Parpadeé, intentando quitarme esa sensación de que era otra persona.
Steven jamás me había mirado así, como si tuviese ganas de comerme
entera, y me enfadé conmigo misma por esa cálida sensación que me
inundó el pecho y el bajo vientre.
«Estás paranoica, tía», me dije, agarrando con fuerza el volante.
El tío que estaba sentado detrás de mí era Steven Blackburn St. John, un
hombre gay hasta la médula. A pesar de los cambios, de que todo en él me
gritase que era otra persona, o de que a cada minuto que pasaba me
pareciese menos gay y más hetero. A pesar, incluso, del deseo que había
despertado en mí.
«Se puede desear a alguien gay, fíjate si no en Matt Bomer». El actor era
declaradamente gay, pero eso no impedía que todas las mujeres andaran
locas por él, ¿no?
Eran cerca de la una de la madrugada cuando encontramos una parada
para camioneros con un diner abierto. Steven no había vuelto a abrir la
boca, pero su estómago vacío se había vuelto un tanto escandaloso,
encargándose de romper el silencio. Aparqué entre dos monstruos de
dieciséis ruedas para que nuestro coche quedase escondido, y bajamos. El
aire olía a bacon, huevos fritos, pan tostado y café. Steven ensanchó el
pecho y aspiró el aroma como un lobo hambriento olfateando a su presa.
—Espero que tengas efectivo porque usar la tarjeta de crédito sería un
error de principiante.
—¿En algún momento dejarás de tratarme como si fuese una inepta?
—Bueno, hasta ahora tampoco me has demostrado que no lo seas. —La
pulla dolió, pero no podía quitarle la razón. Estábamos en esa situación por
mi culpa, porque no había sido capaz de prever todos los acontecimientos
que nos habían llevado hasta allí—. Oye, era una broma —añadió
inesperadamente—, no te mortifiques. Estamos vivos y eso es lo que
cuenta.
—Sí, que se lo digan a William y a Grant —contesté con la voz plagada
de amargura.
—En un trabajo como el nues… como el tuyo, eso ha de ser un riesgo
asumido. A veces, se pierden compañeros. A veces, se pierden protegidos.
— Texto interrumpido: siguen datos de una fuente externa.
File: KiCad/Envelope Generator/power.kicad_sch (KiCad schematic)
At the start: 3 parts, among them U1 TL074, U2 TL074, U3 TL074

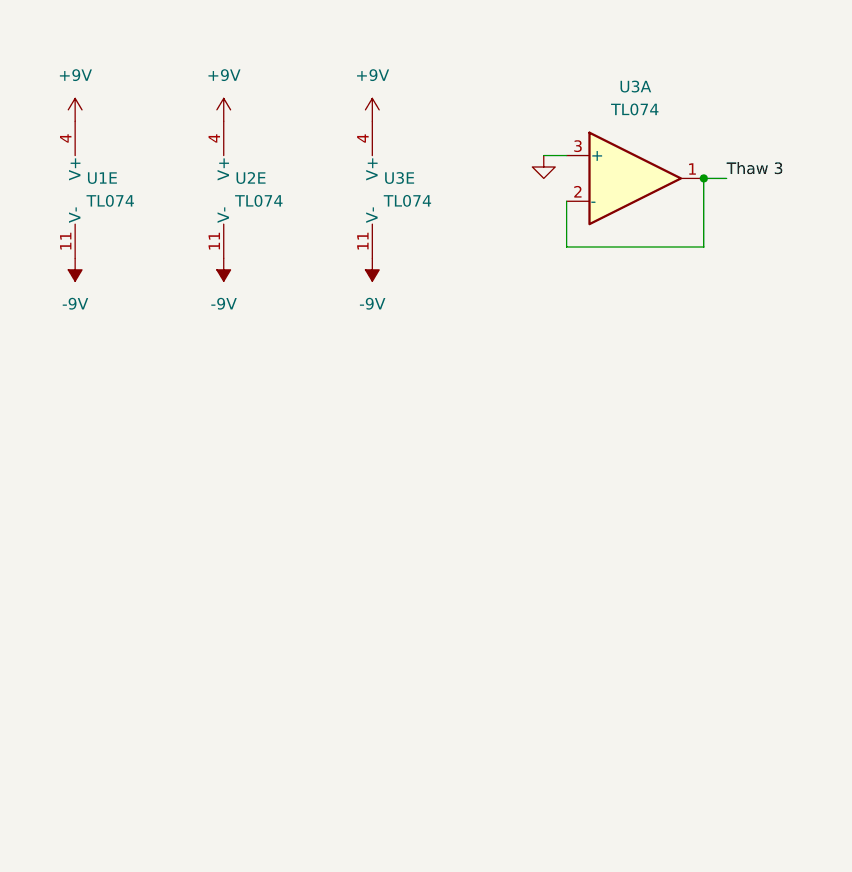
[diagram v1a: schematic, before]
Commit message: finished separating into separate kicad projects
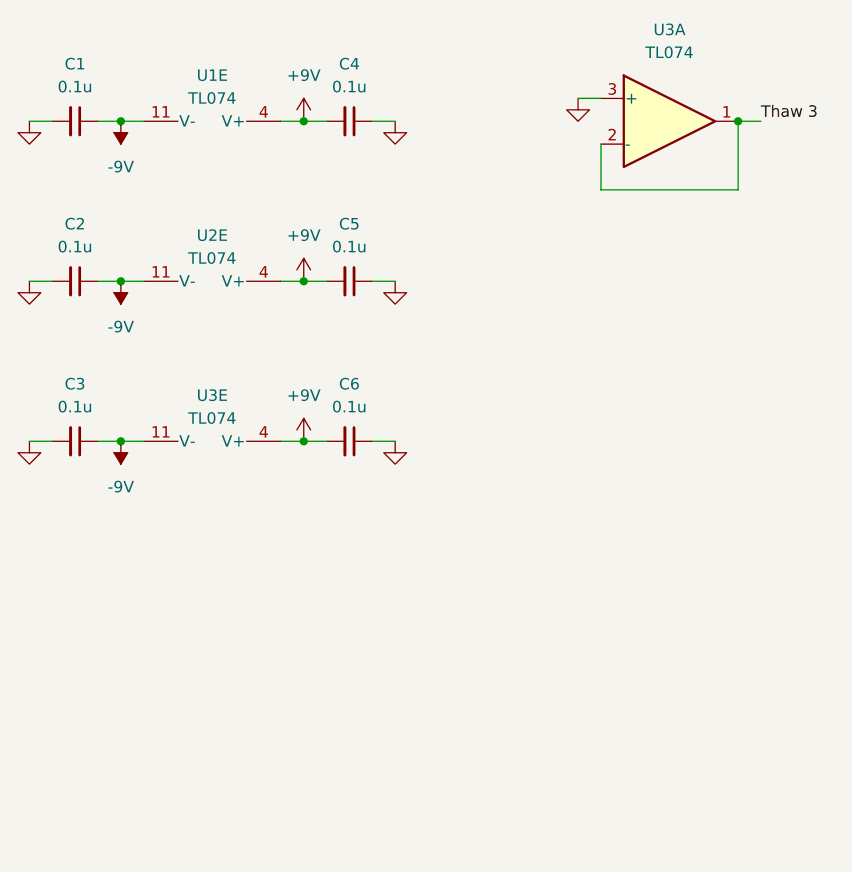
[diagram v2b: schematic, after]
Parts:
- added C1, C2, C3, C4, C5, C6: 0.1u, symbol Device:C_Small
- U1, U2, U3: footprint Package_DIP:DIP-14_W7.62mm -> (none)
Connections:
- net +9V: now also C4.2, C5.2, C6.2
- net -9V: now also C1.1, C2.1, C3.1
- net GND: now also C1.2, C2.2, C3.2, C4.1, C5.1, C6.1
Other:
- moved on the sheet: U3A

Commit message: added power indicator LEDs
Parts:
- added D10, D11: LED, symbol Device:LED
- added R10, R9: R_US, symbol Device:R_US
- renumbered C5 to C10, C6 to C11, C1 to C6, C2 to C7, C3 to C8, C4 to C9
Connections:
- net +9V: now also D10.2 (A)
- net -9V: now also R10.2
- net GND: now also D11.2 (A), R9.2
- new net: D10.1 (K), R9.1
- new net: D11.1 (K), R10.1

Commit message: updated footprints in envelope generator
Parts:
- C10, C11, C6, C7, C8, C9: footprint (none) -> Capacitor_SMD:C_0805_2012Metric
- D10, D11: footprint (none) -> LED_THT:LED_D5.0mm
- R10, R9: footprint (none) -> Resistor_SMD:R_0805_2012Metric
- U1, U2, U3: footprint (none) -> Package_DIP:DIP-14_W7.62mm
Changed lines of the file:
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@@
 			)
 		)
-		(property "Footprint" ""
+		(property "Footprint" "Package_DIP:DIP-14_W7.62mm"
 			(at 43.18 67.31 0)
 			(hide yes)
@@
 			)
 		)
-		(property "Footprint" ""
+		(property "Footprint" "Resistor_SMD:R_0805_2012Metric"
 			(at 38.354 87.884 90)
 			(hide yes)
@@
 			)
 		)
-		(property "Footprint" ""
+		(property "Footprint" "Package_DIP:DIP-14_W7.62mm"
 			(at 43.18 49.53 0)
 			(hide yes)
@@
 			)
 		)
-		(property "Footprint" ""
+		(property "Footprint" "Package_DIP:DIP-14_W7.62mm"
 			(at 43.18 31.75 0)
 			(hide yes)
@@
 			)
 		)
-		(property "Footprint" ""
+		(property "Footprint" "LED_THT:LED_D5.0mm"
 			(at 26.67 88.9 0)
 			(hide yes)
@@
 			)
 		)
-		(property "Footprint" ""
+		(property "Footprint" "Capacitor_SMD:C_0805_2012Metric"
 			(at 25.4 66.04 0)
 			(hide yes)
@@
 			)
 		)
-		(property "Footprint" ""
+		(property "Footprint" "Capacitor_SMD:C_0805_2012Metric"
 			(at 55.88 66.04 0)
 			(hide yes)
@@
 			)
 		)
-		(property "Footprint" ""
+		(property "Footprint" "Capacitor_SMD:C_0805_2012Metric"
 			(at 55.88 48.26 0)
 			(hide yes)
@@
 			)
 		)
-		(property "Footprint" ""
+		(property "Footprint" "Capacitor_SMD:C_0805_2012Metric"
 			(at 55.88 30.48 0)
 			(hide yes)
@@
 			)
 		)
-		(property "Footprint" ""
+		(property "Footprint" "Resistor_SMD:R_0805_2012Metric"
 			(at 38.354 104.394 90)
 			(hide yes)
@@
 			)
 		)
-		(property "Footprint" ""
+		(property "Footprint" "LED_THT:LED_D5.0mm"
 			(at 26.67 105.41 0)
 			(hide yes)
@@
 			)
 		)
-		(property "Footprint" ""
+		(property "Footprint" "Capacitor_SMD:C_0805_2012Metric"
 			(at 25.4 30.48 0)
 			(hide yes)
@@
 			)
 		)
-		(property "Footprint" ""
+		(property "Footprint" "Capacitor_SMD:C_0805_2012Metric"
 			(at 25.4 48.26 0)
 			(hide yes)

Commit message: envelope generator pcb layout done
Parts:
- R10, R9: value R_US -> 1k
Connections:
- net -9V: now also D11.2 (A); no longer R10.2
- net GND: now also R10.2, U3.5 (+); no longer D11.2 (A), U3.3 (+)
- net Thaw 3: now also U3.6 (-), U3.7; no longer U3.1, U3.2 (-)
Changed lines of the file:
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@@
 			)
 		)
-		(property "Value" "R_US"
+		(property "Value" "1k"
 			(at 38.1 85.09 90)
 			(show_name no)
@@
 	(symbol
 		(lib_id "power:GND")
-		(at 21.59 105.41 0)
+		(at 43.18 105.41 0)
 		(unit 1)
 		(body_style 1)
@@
 		(fields_autoplaced yes)
 		(property "Reference" "#PWR026"
-			(at 21.59 111.76 0)
+			(at 43.18 111.76 0)
 			(hide yes)
 			(show_name no)
@@
 		)
 		(property "Value" "GND"
-			(at 21.59 110.49 0)
+			(at 43.18 110.49 0)
 			(hide yes)
 			(show_name no)
@@
 		)
 		(property "Footprint" ""
-			(at 21.59 105.41 0)
-			(hide yes)
-			(show_name no)
-			(do_not_autoplace no)
-			(effects
-				(font
-					(size 1.27 1.27)
-				)
-			)
-		)
-		(property "Datasheet" ""
-			(at 21.59 105.41 0)
+			(at 43.18 105.41 0)
+			(hide yes)
+			(show_name no)
+			(do_not_autoplace no)
+			(effects
+				(font
+					(size 1.27 1.27)
+				)
+			)
+		)
+		(property "Datasheet" ""
+			(at 43.18 105.41 0)
 			(hide yes)
 			(show_name no)
@@
 		)
 		(property "Description" "Power symbol creates a global label with name \"GND\" , ground"
-			(at 21.59 105.41 0)
+			(at 43.18 105.41 0)
 			(hide yes)
 			(show_name no)
@@
 		(lib_id "Amplifier_Operational:TL074")
 		(at 91.44 30.48 0)
-		(unit 1)
+		(unit 2)
 		(body_style 1)
 		(exclude_from_sim no)
@@
 				(path "/3fd2dffe-1f54-47ff-9fe6-6fb87d577d3b"
 					(reference "U3")
-					(unit 1)
+					(unit 2)
 				)
 			)
@@
 			)
 		)
-		(property "Value" "R_US"
+		(property "Value" "1k"
 			(at 38.1 101.6 90)
 			(show_name no)
@@
 	(symbol
 		(lib_id "power:-9V")
-		(at 43.18 105.41 180)
+		(at 21.59 105.41 180)
 		(unit 1)
 		(body_style 1)
@@
 		(fields_autoplaced yes)
 		(property "Reference" "#PWR031"
-			(at 43.18 101.6 0)
+			(at 21.59 101.6 0)
 			(hide yes)
 			(show_name no)
@@
 		)
 		(property "Value" "-9V"
-			(at 43.18 110.49 0)
+			(at 21.59 110.49 0)
 			(show_name no)
 			(do_not_autoplace no)
@@
 		)
 		(property "Footprint" ""
-			(at 43.18 105.41 0)
-			(hide yes)
-			(show_name no)
-			(do_not_autoplace no)
-			(effects
-				(font
-					(size 1.27 1.27)
-				)
-			)
-		)
-		(property "Datasheet" ""
-			(at 43.18 105.41 0)
+			(at 21.59 105.41 0)
+			(hide yes)
+			(show_name no)
+			(do_not_autoplace no)
+			(effects
+				(font
+					(size 1.27 1.27)
+				)
+			)
+		)
+		(property "Datasheet" ""
+			(at 21.59 105.41 0)
 			(hide yes)
 			(show_name no)
@@
 		)
 		(property "Description" "Power symbol creates a global label with name \"-9V\""
-			(at 43.18 105.41 0)
-			(hide yes)
-			(show_name no)
+			(at 21.59 105.41 0)
+			(hide yes)
+			(show_name no)

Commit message: preparation to merge project back into one board
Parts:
- C10, C11, C6, C7, C8, C9, R10, R9: KiLib_Generator (none) -> SMD_2terminal_chip_molded
- D10, D11: KiLib_Generator (none) -> LED/THT
- U1, U2, U3: KiLib_Generator (none) -> package/DIP/legacy
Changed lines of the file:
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@@
+			)
+		)
+		(property "KiLib_Generator" "package/DIP/legacy"
+			(at 40.64 68.58 0)
+			(hide yes)
+			(show_name no)
+			(do_not_autoplace no)
+			(effects
+				(font
+					(size 1.27 1.27)
+				)
+			)
+		)
+		(property "LCSC Part #" ""
+			(at 40.64 68.58 0)
+			(hide yes)
+			(show_name no)
+			(do_not_autoplace no)
+			(effects
+				(font
+					(size 1.27 1.27)
+				)
 			)
 		)
@@
 			)
 		)
+		(property "KiLib_Generator" "SMD_2terminal_chip_molded"
+			(at 38.1 88.9 0)
+			(hide yes)
+			(show_name no)
+			(do_not_autoplace no)
+			(effects
+				(font
+					(size 1.27 1.27)
+				)
+			)
+		)
 		(pin "1"
 		)
@@
 		)
 		(property "Description" "Quad Low-Noise JFET-Input Operational Amplifiers, DIP-14/SOIC-14"
+			(at 40.64 50.8 0)
+			(hide yes)
+			(show_name no)
+			(do_not_autoplace no)
+			(effects
+				(font
+					(size 1.27 1.27)
+				)
+			)
+		)
+		(property "KiLib_Generator" "package/DIP/legacy"
+			(at 40.64 50.8 0)
+			(hide yes)
+			(show_name no)
+			(do_not_autoplace no)
+			(effects
+				(font
+					(size 1.27 1.27)
+				)
+			)
+		)
+		(property "LCSC Part #" ""
 			(at 40.64 50.8 0)
 			(hide yes)
@@
 			)
 		)
+		(property "KiLib_Generator" "package/DIP/legacy"
+			(at 40.64 33.02 0)
+			(hide yes)
+			(show_name no)
+			(do_not_autoplace no)
+			(effects
+				(font
+					(size 1.27 1.27)
+				)
+			)
+		)
+		(property "LCSC Part #" ""
+			(at 40.64 33.02 0)
+			(hide yes)
+			(show_name no)
+			(do_not_autoplace no)
+			(effects
+				(font
+					(size 1.27 1.27)
+				)
+			)
+		)
 		(pin "1"
 		)
@@
 			)
 		)
+		(property "KiLib_Generator" "package/DIP/legacy"
+			(at 91.44 30.48 0)
+			(hide yes)
+			(show_name no)
+			(do_not_autoplace no)
+			(effects
+				(font
+					(size 1.27 1.27)
+				)
+			)
+		)
 		(pin "10"
 		)
@@
 			)
 		)
+		(property "KiLib_Generator" "LED/THT"
+			(at 26.67 88.9 0)
+			(hide yes)
+			(show_name no)
+			(do_not_autoplace no)
+			(effects
+				(font
+					(size 1.27 1.27)
+				)
+			)
+		)
 		(pin "2"
 		)
@@
 			)
 		)
+		(property "KiLib_Generator" "SMD_2terminal_chip_molded"
+			(at 25.4 66.04 0)
+			(hide yes)
+			(show_name no)
+			(do_not_autoplace no)
+			(effects
+				(font
+					(size 1.27 1.27)
+				)
+			)
+		)
 		(pin "1"
 		)
@@
 			)
 		)
+		(property "KiLib_Generator" "SMD_2terminal_chip_molded"
+			(at 55.88 66.04 0)
+			(hide yes)
+			(show_name no)
+			(do_not_autoplace no)
+			(effects
+				(font
+					(size 1.27 1.27)
+				)
+			)
+		)
 		(pin "1"
 		)
@@
 			)
 		)
+		(property "KiLib_Generator" "SMD_2terminal_chip_molded"
+			(at 55.88 48.26 0)
+			(hide yes)
+			(show_name no)
+			(do_not_autoplace no)
+			(effects
+				(font
+					(size 1.27 1.27)
+				)
+			)
+		)
 		(pin "1"
 		)
@@
 			)
 		)
+		(property "KiLib_Generator" "SMD_2terminal_chip_molded"
+			(at 55.88 30.48 0)
+			(hide yes)
+			(show_name no)
+			(do_not_autoplace no)
+			(effects
+				(font
+					(size 1.27 1.27)
+				)
+			)
+		)
 		(pin "1"
 		)
@@
 			)
 		)
+		(property "KiLib_Generator" "SMD_2terminal_chip_molded"
+			(at 38.1 105.41 0)
+			(hide yes)
+			(show_name no)
+			(do_not_autoplace no)
+			(effects
+				(font
+					(size 1.27 1.27)
+				)
+			)
+		)
 		(pin "1"
 		)
@@
 			)
 		)
+		(property "KiLib_Generator" "LED/THT"
+			(at 26.67 105.41 0)
+			(hide yes)
+			(show_name no)
+			(do_not_autoplace no)
+			(effects
+				(font
+					(size 1.27 1.27)
+				)
+			)
+		)
 		(pin "2"
 		)
@@
 			)
 		)
+		(property "KiLib_Generator" "SMD_2terminal_chip_molded"
+			(at 25.4 30.48 0)
+			(hide yes)
+			(show_name no)
+			(do_not_autoplace no)
+			(effects
+				(font
+					(size 1.27 1.27)
+				)
+			)
+		)
 		(pin "1"
 		)
@@
 			(at 25.4 48.26 0)
 			(hide yes)
+			(show_name no)
+			(do_not_autoplace no)
+			(effects
+				(font
+					(size 1.27 1.27)
+				)
+			)
+		)
+		(property "KiLib_Generator" "SMD_2terminal_chip_molded"
+			(at 25.4 48.26 0)
+			(hide yes)

Solo puedes esperar a hacerlo lo mejor posible y rezar para que todo salga
bien.
¿Había estado a punto de decir «nuestro»? ¿En un trabajo como el
«nuestro»? ¿Y por qué su tono de voz tembló un poco, como si supiese
realmente de lo que estaba hablando? ¿Como si a él le hubiese pasado algo
parecido?
Era una locura, una más de las muchas que rodeaban a Steven. Otra
pieza del rompecabezas que se unía a las que ya tenía, y había tantas que se
me amontonaban sin tener un sitio en el que encajar, que ya casi no
importaba.
Entramos en el local y el aroma que ya se percibía en el exterior me
golpeó con fuerza: aceite refrito, bacon quemado y huevos chamuscados.
Adiós a la idea de que donde hay camioneros parados, dan bien de comer.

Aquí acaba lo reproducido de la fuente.